Problem description ▸ Lines before the one containing "(7425764.645293966, 568.0000000000009)], dxfattribs=at)" are excluded; retype that line and all remaining lines of the material exactly.

Given data ▸

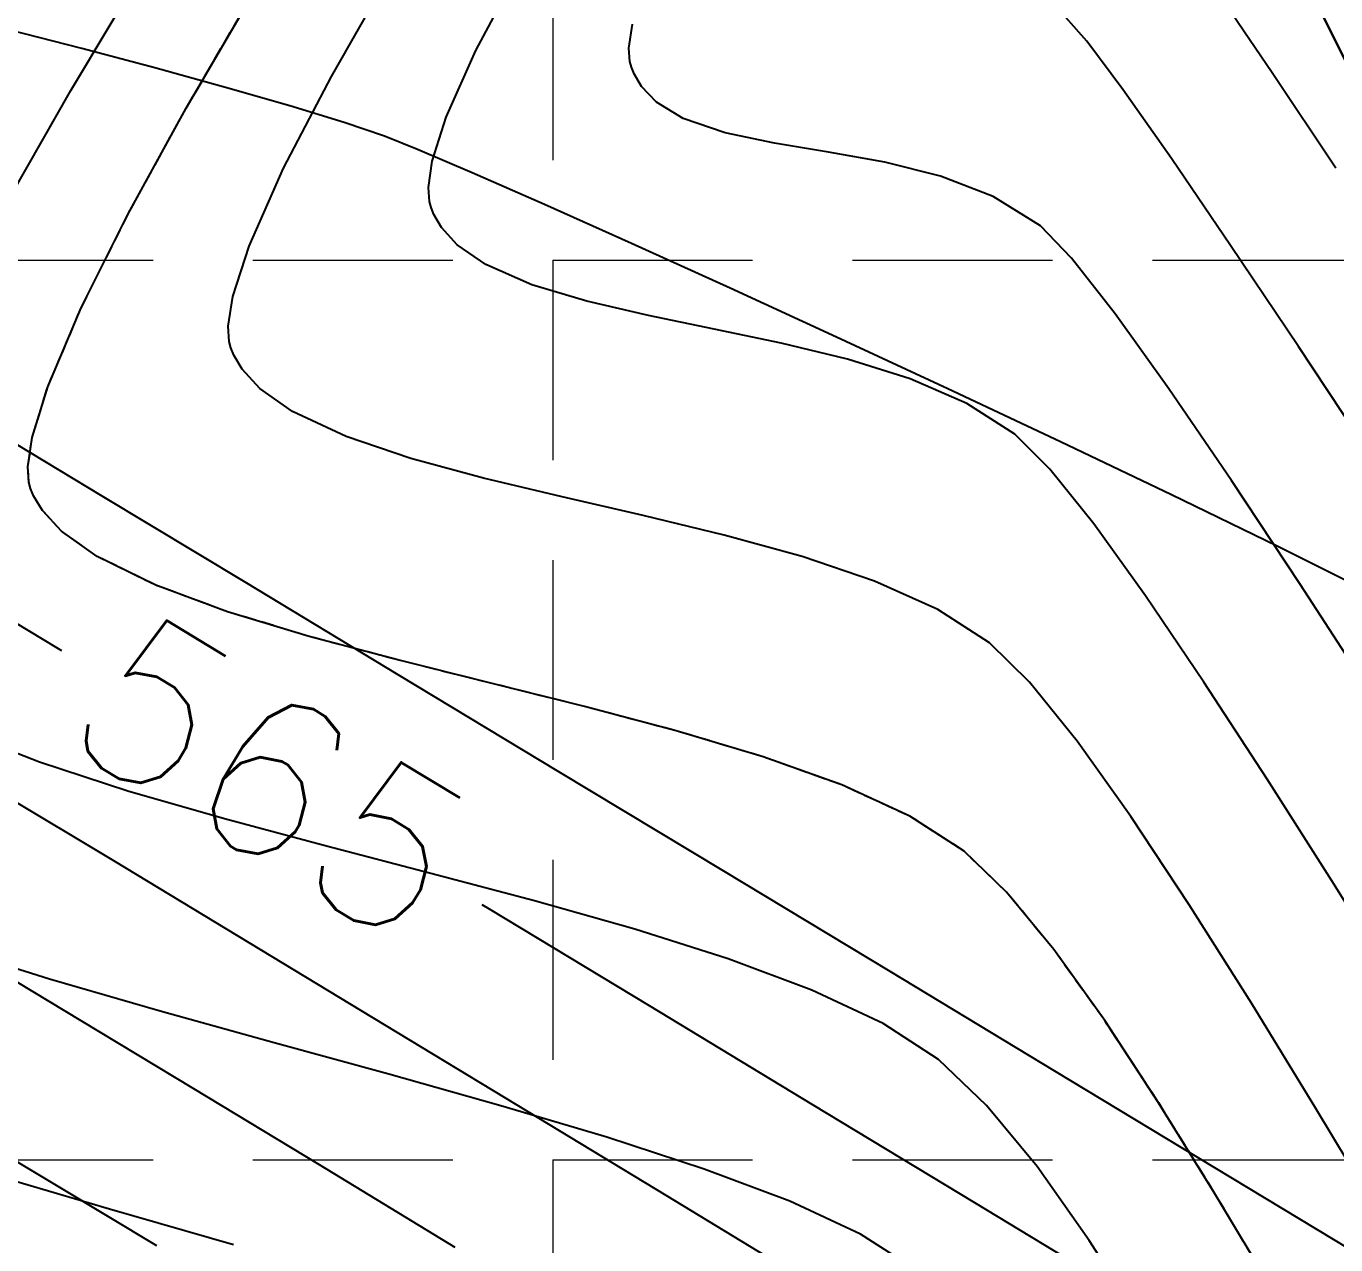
# Model space of a CAD drawing. Header units: inches. Extents: x 2547543 to 2548696, y 7125653 to 7126375.
# Drawn here: x 2547839.05 to 2547865.25, y 7125832.67 to 7125857.06 of the extents above; entities that cross this region are included whole.
import ezdxf

# ---------------------------------------------------------------- set-up
doc = ezdxf.new("R2010")
doc.units = ezdxf.units.IN
doc.header["$MEASUREMENT"] = 0
doc.linetypes.add('DASHED2', pattern=[0.375, 0.25, -0.125])
doc.linetypes.add('HIDDEN', pattern=[0.375, 0.25, -0.125])
for name, color, linetype in [('CONT-MJR', 6, 'Continuous'), ('CONT-MNR', 14, 'Continuous'), ('GRID', 254, 'HIDDEN'), ('V-100YR-LINE', 2, 'DASHED2'), ('V-AREA', 6, 'Continuous'), ('V-PROP-E', 3, 'Continuous'), ('V-TOPO-MAJR-E', 6, 'Continuous'), ('V-TOPO-MINR-E', 14, 'Continuous')]:
    doc.layers.add(name, color=color, linetype=linetype)
doc.styles.add('L100', font='simplex', dxfattribs={"height": 4})

msp = doc.modelspace()

# ---------------------------------------------------------------- linework, layer by layer
at = {"layer": 'CONT-MJR', "color": 35}
for points, elevation in [([(2547848.045462709, 7125856.570682743), (2547848.867326367, 7125858.115250578)], 565), ([(2547847.450829117, 7125855.237260419), (2547848.045462709, 7125856.570682743)], 565), ([(2547847.098100139, 7125853.833576661), (2547847.173320199, 7125854.360800165)], 565), ([(2547847.14915873, 7125853.431547759), (2547847.117421884, 7125853.550887898)], 565), ([(2547855.479727936, 7125850.395055974), (2547854.155706729, 7125850.718039207)], 565), ([(2547857.868510955, 7125849.511416978), (2547856.734048469, 7125850.002387502)], 565), ([(2547859.528597704, 7125848.197569964), (2547858.83295802, 7125848.893527587)], 565), ([(2547863.88319659, 7125841.991045376), (2547862.616142888, 7125843.936470443)], 565), ([(2547866.60190583, 7125837.671437982), (2547865.221351244, 7125839.882766191)], 565), ([(2547840.71313932, 7125833.385446154), (2547838.261438387, 7125834.1070274)], 570), ([(2547843.195554235, 7125832.673972107), (2547840.71313932, 7125833.385446154)], 570)]:
    msp.add_lwpolyline(points, dxfattribs=dict(at, elevation=elevation))
at = {"layer": 'CONT-MJR', "color": 35, "extrusion": (0.9533537543252427, -0.3018552949907702, 0), "elevation": 278022.7979911692}
msp.add_lwpolyline([(7562541.167737709, 565.0000000000009), (7562542.08708192, 565.0000000000009)], dxfattribs=at)
at = {"layer": 'CONT-MJR', "color": 35, "extrusion": (0.9976722992209356, 0.0681907865273026, 0), "elevation": 3027834.050015143}
msp.add_lwpolyline([(6935526.997137681, 565.0000000000009), (6935527.28048599, 565.0000000000009)], dxfattribs=at)
at = {"layer": 'CONT-MJR', "color": 35, "extrusion": (0.9263074052157072, 0.3767686173801416, 0), "elevation": 5044887.626681247}
msp.add_lwpolyline([(5640781.804256909, 565), (5640781.954439977, 565)], dxfattribs=at)
at = {"layer": 'CONT-MJR', "color": 35, "extrusion": (0.8642672443371889, 0.5030329316911586, 0), "elevation": 5786559.755992906}
msp.add_lwpolyline([(4876990.238319401, 565), (4876990.539195323, 565)], dxfattribs=at)
at = {"layer": 'CONT-MJR', "color": 35, "extrusion": (0.7398404443104898, 0.672782369687596, 0), "elevation": 6679148.809887519}
msp.add_lwpolyline([(3557847.020693017, 565), (3557847.491070627, 565)], dxfattribs=at)
at = {"layer": 'CONT-MJR', "color": 35, "extrusion": (0.5683297655692005, 0.822800873582459, 0), "elevation": 7311175.484754095}
msp.add_lwpolyline([(1953462.198804857, 565), (1953462.894044, 565)], dxfattribs=at)
at = {"layer": 'CONT-MJR', "color": 35, "extrusion": (0.4018522732897705, 0.9157045104463797, 0), "elevation": 7549033.691546141}
msp.add_lwpolyline([(530462.806270856, 565.0000000000009), (530463.8111408469, 565.0000000000009)], dxfattribs=at)
at = {"layer": 'CONT-MJR', "color": 35, "extrusion": (-0.2873761282485222, -0.9578178119626346, 0), "elevation": -7557458.889915458}
msp.add_lwpolyline([(392576.7375958767, 565), (392575.5878467683, 565)], dxfattribs=at)
at = {"layer": 'CONT-MJR', "color": 35, "extrusion": (-0.2258197722730643, -0.9741690974623151, 0), "elevation": -7517139.345111948}
msp.add_lwpolyline([(872880.0845241414, 565.0000000000009), (872878.8196728996, 565.0000000000009)], dxfattribs=at)
at = {"layer": 'CONT-MJR', "color": 35, "extrusion": (-0.2010444080271294, -0.9795821282572592, 0), "elevation": -7492587.848536471}
msp.add_lwpolyline([(1063218.584229235, 565.0000000000009), (1063217.243912381, 565.0000000000009)], dxfattribs=at)
at = {"layer": 'CONT-MJR', "color": 35, "extrusion": (-0.2053541650779153, -0.9786877269513256, 0), "elevation": -7497195.104717715}
msp.add_lwpolyline([(1030230.467579303, 565), (1030229.094756827, 565)], dxfattribs=at)
at = {"layer": 'CONT-MJR', "color": 35, "extrusion": (-0.2987555157906897, -0.9543296819153425, 0), "elevation": -7561596.418896343}
msp.add_lwpolyline([(302608.3136599739, 565.0000000000005), (302606.9993127864, 565.0000000000005)], dxfattribs=at)
at = {"layer": 'CONT-MJR', "color": 35, "extrusion": (-0.5394520541385334, -0.8420163188951371, 0), "elevation": -7374528.735425299}
msp.add_lwpolyline([(-1698715.107502481, 565.0000000000009), (-1698716.25290435, 565.0000000000009)], dxfattribs=at)
at = {"layer": 'CONT-MJR', "color": 35, "extrusion": (0.7797871416818887, 0.6260447377524948, 0), "elevation": 6447887.865323948}
msp.add_lwpolyline([(3961569.339513206, 565.0000000000005), (3961570.747630976, 565.0000000000005)], dxfattribs=at)
at = {"layer": 'CONT-MJR', "color": 35, "extrusion": (0.8110716994473993, 0.5849467483074914, 0), "elevation": 6234738.562619988}
msp.add_lwpolyline([(4289208.479169758, 565.0000000000009), (4289210.254970268, 565.0000000000009)], dxfattribs=at)
at = {"layer": 'CONT-MJR', "color": 35, "extrusion": (0.8278703119947547, 0.5609195544083908, 0), "elevation": 6106325.024574723}
msp.add_lwpolyline([(4470128.679571051, 565.0000000000009), (4470130.760532075, 565.0000000000009)], dxfattribs=at)
at = {"layer": 'CONT-MJR', "color": 35, "extrusion": (0.8442916886397933, 0.5358838908698098, 0), "elevation": 5969764.232253258}
msp.add_lwpolyline([(4650927.459367879, 565), (4650929.956465997, 565)], dxfattribs=at)
at = {"layer": 'CONT-MNR', "color": 35, "extrusion": (0.8590770256547687, -0.511846328493383, 0), "elevation": -1458552.356313087}
msp.add_lwpolyline([(7425761.500910183, 568.0000000000009), (7425764.645293966, 568.0000000000009)], dxfattribs=at)
at = {"layer": 'CONT-MNR', "color": 35, "extrusion": (0.8683340662046146, -0.49597978735888, 0), "elevation": -1321899.829561119}
msp.add_lwpolyline([(7451303.260086644, 566.0000000000005), (7451305.611235553, 566.0000000000005)], dxfattribs=at)
at = {"layer": 'CONT-MNR', "color": 35, "extrusion": (0.8641283831221133, -0.5032714351945303, 0), "elevation": -1384576.681355453}
msp.add_lwpolyline([(7439910.149891138, 567.0000000000009), (7439912.815112039, 567.0000000000009)], dxfattribs=at)
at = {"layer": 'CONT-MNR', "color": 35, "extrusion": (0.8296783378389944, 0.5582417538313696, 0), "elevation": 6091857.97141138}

Your solution ▸
msp.add_lwpolyline([(7425761.500910183, 568.0000000000009), (7425764.645293966, 568.0000000000009)], dxfattribs=at)
at = {"layer": 'CONT-MNR', "color": 35, "extrusion": (0.8683340662046146, -0.49597978735888, 0), "elevation": -1321899.829561119}
msp.add_lwpolyline([(7451303.260086644, 566.0000000000005), (7451305.611235553, 566.0000000000005)], dxfattribs=at)
at = {"layer": 'CONT-MNR', "color": 35, "extrusion": (0.8641283831221133, -0.5032714351945303, 0), "elevation": -1384576.681355453}
msp.add_lwpolyline([(7439910.149891138, 567.0000000000009), (7439912.815112039, 567.0000000000009)], dxfattribs=at)
at = {"layer": 'CONT-MNR', "color": 35, "extrusion": (0.8296783378389944, 0.5582417538313696, 0), "elevation": 6091857.97141138}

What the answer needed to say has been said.